──────── Records shown ────────

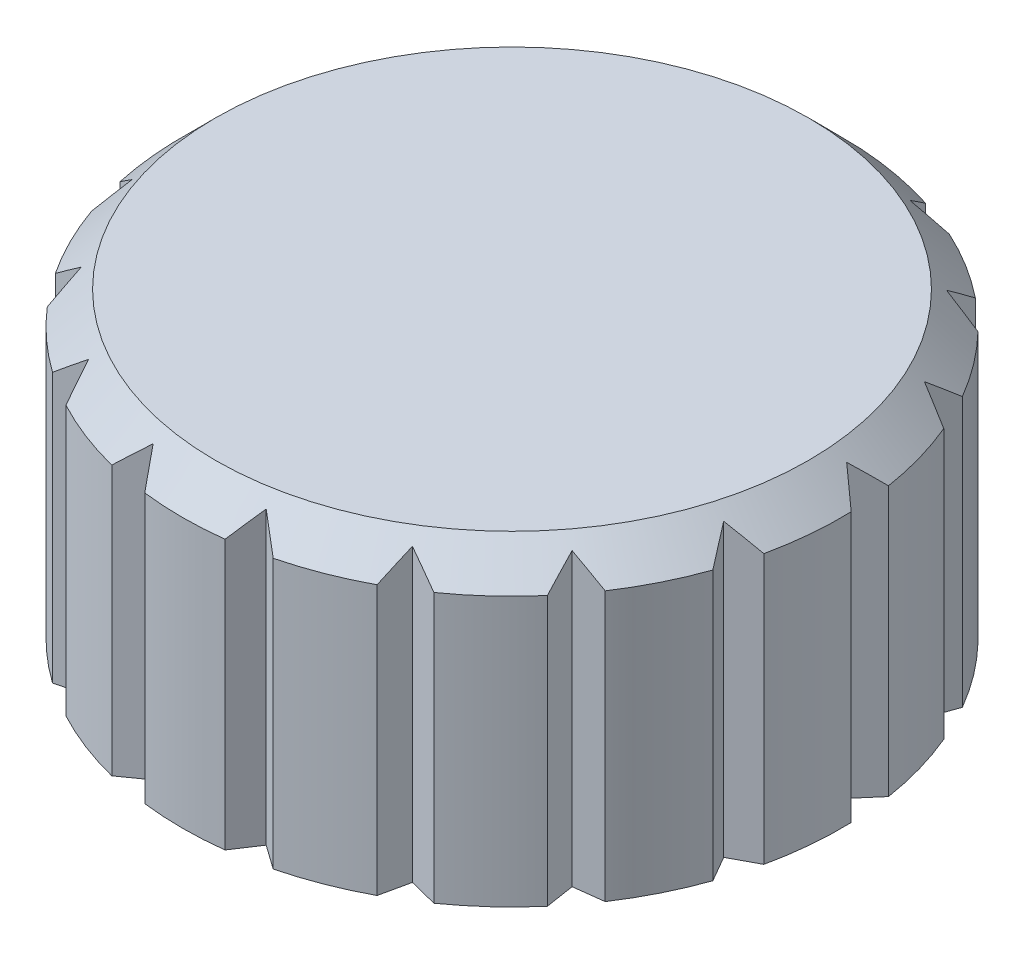
from build123d import *

# Parameters (mm, degrees)
SKETCH1_R           = 12
SKETCH1_R_2         = 10
BOSS_EXTRUDE1_DEPTH = 8
BOSS_EXTRUDE2_START = 8
SKETCH1_2_R         = 12
SKETCH1_2_R_2       = 10
BOSS_EXTRUDE2_DEPTH = 3
CHAMFER1_SIZE       = 1.2
CUT_EXTRUDE1_DEPTH  = 21.223748416
CIRPATTERN1_COUNT   = 17
THREAD1_PITCH       = 2
THREAD1_FROM        = 2
SKETCH2_R           = 7.5
BOSS_EXTRUDE3_DEPTH = 2
CHAMFER2_SIZE       = 2


with BuildPart() as part:
    # Sketch1 → Boss-Extrude1 (new body)
    with BuildSketch(Plane(origin=(0, 0, 0), x_dir=(1, 0, 0), z_dir=(0, 1, 0))):
        with Locations(Location((0, 0, 0), (0, 0, 270))):
            Circle(SKETCH1_R)
        with Locations(Location((0, 0, 0), (0, 0, 270))):
            Circle(SKETCH1_R_2, mode=Mode.SUBTRACT)
    extrude(amount=BOSS_EXTRUDE1_DEPTH)

    # Sketch1<2> → Boss-Extrude2 (add)
    # profile 1 of 4: a face of its own
    with BuildSketch(Plane(origin=(0, 0, 0), x_dir=(1, 0, 0), z_dir=(0, 1, 0)).offset(BOSS_EXTRUDE2_START)):
        with Locations(Location((0, 0, 0), (0, 0, 270))):
            Circle(SKETCH1_2_R)
        with Locations(Location((0, 0, 0), (0, 0, 270))):
            Circle(SKETCH1_2_R_2, mode=Mode.SUBTRACT)
    # profile 2 of 4: a face of its own
    with BuildSketch(Plane(origin=(0, 0, 0), x_dir=(1, 0, 0), z_dir=(0, 1, 0)).offset(BOSS_EXTRUDE2_START)):
        with Locations(Location((0, 0, 0), (0, 0, 270))):
            Circle(SKETCH1_2_R_2)
    # profile 3 of 4: a face of its own
    with BuildSketch(Plane(origin=(0, 0, 0), x_dir=(1, 0, 0), z_dir=(0, 1, 0)).offset(BOSS_EXTRUDE2_START)):
        with BuildLine():
            Line((0, 12), (0, 11.2))
            Line((0, 11.2), (0.751699803, 11.976433))
            ThreePointArc((0.751699803, 11.976433), (0.376034572, 11.994106803), (0, 12))
        make_face()
    # profile 4 of 4: a face of its own
    with BuildSketch(Plane(origin=(0, 0, 0), x_dir=(1, 0, 0), z_dir=(0, 1, 0)).offset(BOSS_EXTRUDE2_START)):
        with BuildLine():
            Line((-0.751699803, 11.976433), (0, 11.2))
            Line((0, 11.2), (0, 12))
            ThreePointArc((0, 12), (-0.376034572, 11.994106803), (-0.751699803, 11.976433))
        make_face()
    extrude(amount=BOSS_EXTRUDE2_DEPTH)

    # Chamfer1
    chamfer1_edges = [part.edges().sort_by_distance(p)[0] for p in [
        (12, 11, 0),
    ]]
    chamfer(chamfer1_edges, length=CHAMFER1_SIZE)

    # Sketch1<4> → Cut-Extrude1 (cut, through all)
    with BuildSketch(Plane(origin=(0, 0, 0), x_dir=(1, 0, 0), z_dir=(0, 1, 0))):
        with BuildLine():
            Line((-0.751699803, 11.976433), (0, 11.2))
            Line((0, 11.2), (0, 12))
            ThreePointArc((0, 12), (-0.376034572, 11.994106803), (-0.751699803, 11.976433))
        make_face()
        with BuildLine():
            Line((0, 12), (0, 11.2))
            Line((0, 11.2), (0.751699803, 11.976433))
            ThreePointArc((0.751699803, 11.976433), (0.376034572, 11.994106803), (0, 12))
        make_face()
    cut_extrude1 = extrude(amount=CUT_EXTRUDE1_DEPTH, mode=Mode.SUBTRACT)

    # CirPattern1: Cut-Extrude1 ×17 about axis
    cirpattern1_axis = Axis((0, 0, 0), (0, 1, 0))
    for i in range(1, CIRPATTERN1_COUNT):
        add(cut_extrude1.rotate(cirpattern1_axis, i * 360 / CIRPATTERN1_COUNT), mode=Mode.SUBTRACT)

    # Thread1: arcs per turn and ends read off the stored shape
    # Thread1: the profile of Thread Profile1 profile screwed along a right-hand helix through 5 turns, 10 arcs to a turn; built about Z, then put on its axis
    thread1_z = Axis((0, 0, 0), (0, 0, 1))
    thread1_corners = [(10.0003, 0, -0.000173205), (10.0003, 0, 1.7501732), (8.91746825, 0, 1.124999997), (8.91746825, 0, 0.624999997)]
    with BuildLine(mode=Mode.PRIVATE) as thread1_profile:
        Line(thread1_corners[0], thread1_corners[1])
        Line(thread1_corners[1], thread1_corners[2])
        Line(thread1_corners[2], thread1_corners[3])
        Line(thread1_corners[3], thread1_corners[0])
    thread1_cap = Face(thread1_profile.wire())
    thread1_turn_angles = [0, 18, 36, 54, 72, 90, 108, 126, 144, 162, 180, 198, 216, 234, 252, 270, 288, 306, 324, 342, 360]
    thread1_turn_weights = [1, 0.9510565162951535, 1, 0.9510565162951535, 1, 0.9510565162951535, 1, 0.9510565162951535, 1, 0.9510565162951535, 1, 0.9510565162951535, 1, 0.9510565162951535, 1, 0.9510565162951535, 1, 0.9510565162951535, 1, 0.9510565162951535, 1]
    thread1_turn_rails = [Edge.make_bspline([Vector(p[0], p[1], 0).rotate(thread1_z, thread1_turn_angles[k]) / thread1_turn_weights[k] + Vector(0, 0, p[2] + THREAD1_PITCH * thread1_turn_angles[k] / 360) for k in range(21)], [0, 0, 0, 1, 1, 2, 2, 3, 3, 4, 4, 5, 5, 6, 6, 7, 7, 8, 8, 9, 9, 10, 10, 10], 2, thread1_turn_weights) for p in thread1_corners]
    thread1_turn_sides = [Face.make_surface_from_curves(thread1_turn_rails[p[0]], thread1_turn_rails[p[1]]) for p in [(0, 1), (1, 2), (2, 3), (3, 0)]]
    thread1 = Plane(origin=(0, -2, 0), x_dir=(1, 0, 0), z_dir=(0, 1, 0)) * split(Solid(Shell([*[p.moved(Location((0, 0, THREAD1_PITCH * i))) for i in range(5) for p in thread1_turn_sides], thread1_cap, thread1_cap.rotate(thread1_z, 1800).moved(Location((0, 0, THREAD1_PITCH * 1800 / 360)))])), bisect_by=Plane.XY.offset(THREAD1_FROM), keep=Keep.TOP, mode=Mode.PRIVATE)
    add(thread1)

    # Sketch2 → Boss-Extrude3 (add)
    with BuildSketch(Plane.XZ.offset(-8)):
        with Locations(Location((0, 0, 0), (0, 0, 90))):
            Circle(SKETCH2_R)
    extrude(amount=BOSS_EXTRUDE3_DEPTH)

    # Chamfer2
    chamfer2_edges = [part.edges().sort_by_distance(p)[0] for p in [
        (0, 6, -7.5),
    ]]
    chamfer(chamfer2_edges, length=CHAMFER2_SIZE - 0.0001)  # a hair under: the kernel refuses the full size


solid = part.part

────────

■ Requirement: I'd like every line with the string "rotate" copied from the listing.

■ Output of the exercise:
        add(cut_extrude1.rotate(cirpattern1_axis, i * 360 / CIRPATTERN1_COUNT), mode=Mode.SUBTRACT)
    thread1_turn_rails = [Edge.make_bspline([Vector(p[0], p[1], 0).rotate(thread1_z, thread1_turn_angles[k]) / thread1_turn_weights[k] + Vector(0, 0, p[2] + THREAD1_PITCH * thread1_turn_angles[k] / 360) for k in range(21)], [0, 0, 0, 1, 1, 2, 2, 3, 3, 4, 4, 5, 5, 6, 6, 7, 7, 8, 8, 9, 9, 10, 10, 10], 2, thread1_turn_weights) for p in thread1_corners]
    thread1 = Plane(origin=(0, -2, 0), x_dir=(1, 0, 0), z_dir=(0, 1, 0)) * split(Solid(Shell([*[p.moved(Location((0, 0, THREAD1_PITCH * i))) for i in range(5) for p in thread1_turn_sides], thread1_cap, thread1_cap.rotate(thread1_z, 1800).moved(Location((0, 0, THREAD1_PITCH * 1800 / 360)))])), bisect_by=Plane.XY.offset(THREAD1_FROM), keep=Keep.TOP, mode=Mode.PRIVATE)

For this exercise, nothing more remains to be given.